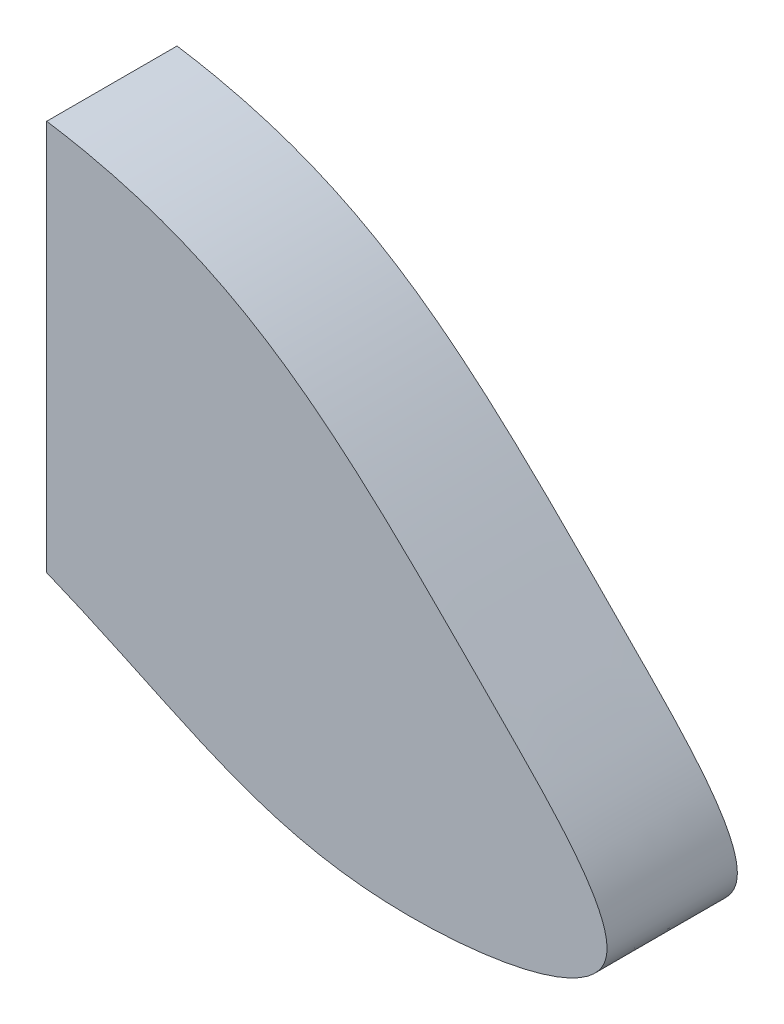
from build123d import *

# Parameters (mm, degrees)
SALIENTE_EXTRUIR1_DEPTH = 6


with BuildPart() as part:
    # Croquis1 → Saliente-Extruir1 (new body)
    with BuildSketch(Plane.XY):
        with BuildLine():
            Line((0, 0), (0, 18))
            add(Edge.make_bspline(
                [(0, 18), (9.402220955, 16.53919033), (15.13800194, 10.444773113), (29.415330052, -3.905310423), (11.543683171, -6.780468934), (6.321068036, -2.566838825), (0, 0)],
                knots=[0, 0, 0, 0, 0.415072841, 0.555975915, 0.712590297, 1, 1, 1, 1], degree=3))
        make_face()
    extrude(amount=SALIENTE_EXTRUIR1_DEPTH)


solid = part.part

────────────────

[TRY IT] Give a single number: the count of lines above that include the word "with".

[OUTPUT FOR THIS TASK] 3